L’IA en Afrique: ces secteurs économiques qui pourraient générer 580 milliards de dollars d’ici 10 ans

L'intelligence artificielle pourrait ajouter jusqu’à 1 000 milliards de dollars au PIB de l’Afrique d'ici 2035.

Le 25/12/2025 à 15h43

L’intelligence artificielle pourrait ajouter près de 1.000 milliards de dollars à l’économie africaine d’ici à 2035. Mais cette promesse ne repose pas sur une diffusion uniforme. Selon le rapport Africa’s AI Productivity Gain, cinq secteurs concentrent à eux seuls près de 58% des gains attendus d’une valeur de 580 milliards de dollars. Agriculture, commerce, industrie, finance et santé dessinent ainsi la cartographie d’une transformation productive conditionnée par l’IA.

L’intelligence artificielle n’est pas présentée comme une rupture abstraite, mais comme un facteur d’amplification de dynamiques déjà à l’œuvre. Le rapport «Africa’s AI Productivity Gain» de la Banque africaine de développement estime que, dans un scénario de déploiement coordonné, l’IA pourrait générer environ 580 milliards de dollars de gains cumulés dans cinq secteurs prioritaires, sur un total de 1.000 milliards attendus pour l’ensemble de l’économie africaine à l’horizon 2035.

Cette concentration sectorielle s’explique par une méthodologie combinant trois critères : le poids économique actuel des secteurs, leur degré de maturité numérique et leur capacité à produire des effets inclusifs sur l’emploi, la productivité et l’accès aux services essentiels.

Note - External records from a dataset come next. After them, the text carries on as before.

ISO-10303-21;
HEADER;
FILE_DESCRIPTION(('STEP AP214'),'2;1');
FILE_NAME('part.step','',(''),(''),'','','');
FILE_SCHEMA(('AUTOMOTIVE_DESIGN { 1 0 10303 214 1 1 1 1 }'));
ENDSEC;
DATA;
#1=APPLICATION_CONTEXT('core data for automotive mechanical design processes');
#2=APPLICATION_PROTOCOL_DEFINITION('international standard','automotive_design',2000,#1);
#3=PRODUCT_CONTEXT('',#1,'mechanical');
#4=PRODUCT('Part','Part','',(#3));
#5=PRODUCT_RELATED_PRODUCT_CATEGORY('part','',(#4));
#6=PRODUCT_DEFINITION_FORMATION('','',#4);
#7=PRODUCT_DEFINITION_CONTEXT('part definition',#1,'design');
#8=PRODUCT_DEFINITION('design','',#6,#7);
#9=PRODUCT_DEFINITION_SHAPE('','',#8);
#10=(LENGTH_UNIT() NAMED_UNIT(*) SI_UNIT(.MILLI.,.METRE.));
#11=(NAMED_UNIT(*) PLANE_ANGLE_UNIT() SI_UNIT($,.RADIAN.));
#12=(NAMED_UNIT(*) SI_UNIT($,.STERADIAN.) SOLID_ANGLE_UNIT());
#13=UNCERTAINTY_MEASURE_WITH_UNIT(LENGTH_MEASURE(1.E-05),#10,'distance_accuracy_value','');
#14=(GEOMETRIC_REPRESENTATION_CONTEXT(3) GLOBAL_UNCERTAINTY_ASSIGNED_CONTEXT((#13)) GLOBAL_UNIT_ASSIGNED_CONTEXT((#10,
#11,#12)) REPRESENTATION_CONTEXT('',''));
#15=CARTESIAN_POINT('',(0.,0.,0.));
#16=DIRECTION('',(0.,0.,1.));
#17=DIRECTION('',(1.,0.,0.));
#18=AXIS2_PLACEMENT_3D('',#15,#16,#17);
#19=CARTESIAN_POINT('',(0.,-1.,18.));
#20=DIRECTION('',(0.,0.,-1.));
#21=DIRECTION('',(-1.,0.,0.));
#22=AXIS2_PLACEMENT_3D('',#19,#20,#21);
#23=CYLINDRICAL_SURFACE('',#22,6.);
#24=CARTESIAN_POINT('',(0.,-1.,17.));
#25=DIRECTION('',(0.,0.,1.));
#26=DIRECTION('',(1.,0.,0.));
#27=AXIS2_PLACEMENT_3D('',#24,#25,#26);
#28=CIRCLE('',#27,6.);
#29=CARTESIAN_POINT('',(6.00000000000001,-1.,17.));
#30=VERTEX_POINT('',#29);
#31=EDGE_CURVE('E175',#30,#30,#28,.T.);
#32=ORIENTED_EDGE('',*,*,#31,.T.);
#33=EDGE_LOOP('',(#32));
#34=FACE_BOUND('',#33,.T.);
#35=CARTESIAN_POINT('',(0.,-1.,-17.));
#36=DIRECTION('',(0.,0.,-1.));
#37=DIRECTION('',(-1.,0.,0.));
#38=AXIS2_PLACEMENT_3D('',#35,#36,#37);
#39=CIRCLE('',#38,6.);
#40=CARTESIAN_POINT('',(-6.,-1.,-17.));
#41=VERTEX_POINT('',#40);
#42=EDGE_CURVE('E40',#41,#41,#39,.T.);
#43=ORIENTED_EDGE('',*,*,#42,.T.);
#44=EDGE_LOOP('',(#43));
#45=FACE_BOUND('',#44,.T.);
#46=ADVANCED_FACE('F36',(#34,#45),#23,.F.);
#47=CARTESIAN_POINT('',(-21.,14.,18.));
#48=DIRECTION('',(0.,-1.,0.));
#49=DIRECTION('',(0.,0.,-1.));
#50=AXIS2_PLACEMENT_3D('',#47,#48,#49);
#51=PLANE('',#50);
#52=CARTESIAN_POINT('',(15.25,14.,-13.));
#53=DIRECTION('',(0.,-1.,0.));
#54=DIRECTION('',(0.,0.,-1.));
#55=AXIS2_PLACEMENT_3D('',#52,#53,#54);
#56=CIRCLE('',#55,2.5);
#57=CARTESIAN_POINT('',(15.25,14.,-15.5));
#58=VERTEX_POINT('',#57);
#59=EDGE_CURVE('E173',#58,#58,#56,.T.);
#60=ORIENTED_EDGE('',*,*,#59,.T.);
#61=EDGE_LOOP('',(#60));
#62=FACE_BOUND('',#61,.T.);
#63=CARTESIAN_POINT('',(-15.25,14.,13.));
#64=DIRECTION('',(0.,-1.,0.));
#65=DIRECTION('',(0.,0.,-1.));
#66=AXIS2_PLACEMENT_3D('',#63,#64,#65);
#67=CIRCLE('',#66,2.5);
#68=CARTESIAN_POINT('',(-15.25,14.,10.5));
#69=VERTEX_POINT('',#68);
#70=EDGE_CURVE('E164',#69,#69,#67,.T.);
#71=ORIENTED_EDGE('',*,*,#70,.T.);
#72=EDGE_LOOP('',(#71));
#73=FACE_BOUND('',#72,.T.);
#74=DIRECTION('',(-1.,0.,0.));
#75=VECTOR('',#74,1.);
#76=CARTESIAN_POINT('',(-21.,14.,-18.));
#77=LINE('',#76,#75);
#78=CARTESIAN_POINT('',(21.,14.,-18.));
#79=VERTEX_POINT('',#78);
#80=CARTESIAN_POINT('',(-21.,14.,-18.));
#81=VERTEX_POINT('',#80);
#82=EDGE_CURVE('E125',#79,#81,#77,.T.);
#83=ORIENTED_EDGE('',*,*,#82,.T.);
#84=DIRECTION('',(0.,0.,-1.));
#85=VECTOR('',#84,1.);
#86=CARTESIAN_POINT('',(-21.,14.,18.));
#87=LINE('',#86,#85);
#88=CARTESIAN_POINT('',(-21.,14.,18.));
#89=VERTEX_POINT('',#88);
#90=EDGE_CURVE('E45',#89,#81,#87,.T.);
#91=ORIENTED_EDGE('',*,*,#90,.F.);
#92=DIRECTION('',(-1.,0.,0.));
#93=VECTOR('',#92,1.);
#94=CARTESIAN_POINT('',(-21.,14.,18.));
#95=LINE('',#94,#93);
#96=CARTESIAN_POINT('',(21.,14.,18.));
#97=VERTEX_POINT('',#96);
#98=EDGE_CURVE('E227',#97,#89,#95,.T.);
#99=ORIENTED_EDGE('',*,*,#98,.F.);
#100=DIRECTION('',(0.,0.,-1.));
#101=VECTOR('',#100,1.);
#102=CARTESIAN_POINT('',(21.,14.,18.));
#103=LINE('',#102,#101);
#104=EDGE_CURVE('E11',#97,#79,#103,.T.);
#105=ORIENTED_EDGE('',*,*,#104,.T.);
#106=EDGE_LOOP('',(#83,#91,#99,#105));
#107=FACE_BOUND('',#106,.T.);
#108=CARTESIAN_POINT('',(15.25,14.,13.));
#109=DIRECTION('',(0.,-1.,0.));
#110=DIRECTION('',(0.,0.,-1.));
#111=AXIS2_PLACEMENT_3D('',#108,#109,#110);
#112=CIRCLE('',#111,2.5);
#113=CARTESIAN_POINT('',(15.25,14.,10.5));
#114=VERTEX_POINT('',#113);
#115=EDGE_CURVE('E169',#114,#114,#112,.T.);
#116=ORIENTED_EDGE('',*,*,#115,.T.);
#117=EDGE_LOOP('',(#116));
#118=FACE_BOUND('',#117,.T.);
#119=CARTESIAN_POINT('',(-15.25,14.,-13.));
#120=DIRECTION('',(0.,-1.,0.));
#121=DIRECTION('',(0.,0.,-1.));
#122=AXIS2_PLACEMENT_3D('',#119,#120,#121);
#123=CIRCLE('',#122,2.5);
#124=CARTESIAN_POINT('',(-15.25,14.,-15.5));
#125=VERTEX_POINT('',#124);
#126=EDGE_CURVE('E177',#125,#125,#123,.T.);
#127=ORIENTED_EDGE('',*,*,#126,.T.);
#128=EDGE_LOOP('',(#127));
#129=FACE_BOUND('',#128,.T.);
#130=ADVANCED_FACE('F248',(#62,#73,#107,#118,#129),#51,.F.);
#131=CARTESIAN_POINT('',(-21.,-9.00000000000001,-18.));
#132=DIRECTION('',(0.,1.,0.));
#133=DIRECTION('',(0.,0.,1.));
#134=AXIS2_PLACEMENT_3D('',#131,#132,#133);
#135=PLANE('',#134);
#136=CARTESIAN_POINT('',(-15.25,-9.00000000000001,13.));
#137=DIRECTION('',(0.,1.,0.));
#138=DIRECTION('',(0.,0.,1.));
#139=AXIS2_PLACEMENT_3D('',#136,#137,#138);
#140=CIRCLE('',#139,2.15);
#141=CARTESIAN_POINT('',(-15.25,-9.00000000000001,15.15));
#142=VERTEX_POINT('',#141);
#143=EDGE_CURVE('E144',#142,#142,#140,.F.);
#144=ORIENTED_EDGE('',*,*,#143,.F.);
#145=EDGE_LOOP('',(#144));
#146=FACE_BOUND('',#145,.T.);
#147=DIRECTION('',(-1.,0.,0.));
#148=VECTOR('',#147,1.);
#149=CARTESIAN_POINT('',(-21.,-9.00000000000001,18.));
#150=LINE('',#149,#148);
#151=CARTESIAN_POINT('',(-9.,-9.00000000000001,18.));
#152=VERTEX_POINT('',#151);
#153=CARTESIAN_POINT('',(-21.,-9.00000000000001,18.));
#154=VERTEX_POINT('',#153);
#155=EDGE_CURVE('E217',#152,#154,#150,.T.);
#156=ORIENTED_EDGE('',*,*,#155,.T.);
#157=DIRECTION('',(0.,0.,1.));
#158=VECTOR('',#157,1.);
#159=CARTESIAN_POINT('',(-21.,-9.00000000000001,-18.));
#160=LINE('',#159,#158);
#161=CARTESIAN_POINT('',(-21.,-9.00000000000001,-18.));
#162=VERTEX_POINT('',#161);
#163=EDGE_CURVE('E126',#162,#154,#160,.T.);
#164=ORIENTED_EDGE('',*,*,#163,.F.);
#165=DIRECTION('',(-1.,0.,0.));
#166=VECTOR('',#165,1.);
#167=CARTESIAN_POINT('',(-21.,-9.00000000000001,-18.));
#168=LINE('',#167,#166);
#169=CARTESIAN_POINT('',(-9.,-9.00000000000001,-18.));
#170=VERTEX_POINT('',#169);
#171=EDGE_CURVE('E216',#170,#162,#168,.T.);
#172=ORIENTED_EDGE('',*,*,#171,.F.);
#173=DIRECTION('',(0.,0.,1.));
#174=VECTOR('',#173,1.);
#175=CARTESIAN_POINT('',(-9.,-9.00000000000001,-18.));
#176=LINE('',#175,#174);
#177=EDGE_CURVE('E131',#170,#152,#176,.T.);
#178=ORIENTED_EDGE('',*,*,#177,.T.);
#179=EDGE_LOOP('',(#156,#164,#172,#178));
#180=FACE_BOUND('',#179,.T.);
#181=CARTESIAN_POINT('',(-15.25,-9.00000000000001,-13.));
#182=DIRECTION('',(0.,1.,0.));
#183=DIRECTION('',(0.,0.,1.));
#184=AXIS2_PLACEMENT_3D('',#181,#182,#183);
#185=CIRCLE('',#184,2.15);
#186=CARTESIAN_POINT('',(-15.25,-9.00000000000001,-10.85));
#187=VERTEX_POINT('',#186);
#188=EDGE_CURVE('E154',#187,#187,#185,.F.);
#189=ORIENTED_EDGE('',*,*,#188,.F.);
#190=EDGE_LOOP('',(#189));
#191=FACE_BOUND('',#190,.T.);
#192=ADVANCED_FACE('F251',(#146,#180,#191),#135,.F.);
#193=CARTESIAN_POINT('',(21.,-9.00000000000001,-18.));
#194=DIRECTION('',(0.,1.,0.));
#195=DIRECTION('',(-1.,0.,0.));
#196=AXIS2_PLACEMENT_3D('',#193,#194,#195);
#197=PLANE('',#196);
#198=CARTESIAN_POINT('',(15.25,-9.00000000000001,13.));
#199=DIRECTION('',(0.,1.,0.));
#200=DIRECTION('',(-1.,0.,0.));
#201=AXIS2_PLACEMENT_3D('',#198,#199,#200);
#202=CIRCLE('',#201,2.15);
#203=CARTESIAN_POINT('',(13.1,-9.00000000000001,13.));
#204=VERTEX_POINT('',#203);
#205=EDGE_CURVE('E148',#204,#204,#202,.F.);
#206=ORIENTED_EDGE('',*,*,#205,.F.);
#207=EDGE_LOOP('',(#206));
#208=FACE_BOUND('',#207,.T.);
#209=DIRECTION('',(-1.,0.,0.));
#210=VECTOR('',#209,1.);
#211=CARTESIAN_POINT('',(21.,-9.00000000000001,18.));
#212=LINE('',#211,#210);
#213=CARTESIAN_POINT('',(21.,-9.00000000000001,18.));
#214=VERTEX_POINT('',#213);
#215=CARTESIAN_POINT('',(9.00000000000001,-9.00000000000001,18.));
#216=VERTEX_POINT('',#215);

Loin d’un classement théorique, cette hiérarchisation reflète des réalités économiques tangibles.

Cependant, avec 20% des gains attendus, soit près de 200 milliards de dollars, l’agriculture apparaît comme le principal réservoir de valeur ajoutée liée à l’IA sur le continent. Ce positionnement s’explique par le paradoxe structurel du secteur : une contribution centrale à l’emploi et à la sécurité alimentaire, combinée à une productivité historiquement faible.

Le rapport souligne que l’intelligence artificielle intervient principalement comme un outil de réduction des asymétries d’information. En exploitant les données climatiques, satellitaires et agronomiques, les algorithmes permettent d’anticiper les aléas, d’optimiser l’usage des intrants et de réduire les pertes post-récolte, qui dépassent encore 30% dans certaines régions africaines .

L’enjeu n’est pas l’automatisation du travail agricole, mais l’amélioration de la prise de décision à chaque maillon de la chaîne de valeur. La BAD insiste sur le caractère inclusif de ces gains, dans un secteur où les femmes représentent une part significative de la main-d’œuvre et où les marges de progression demeurent considérables.

Dans le détail, le commerce de gros et de détail capterait 14% des gains, soit environ 140 milliards de dollars, selon le rapport. Ce chiffre reflète l’importance stratégique d’un secteur dominé par l’informel, mais profondément ancré dans la vie économique quotidienne.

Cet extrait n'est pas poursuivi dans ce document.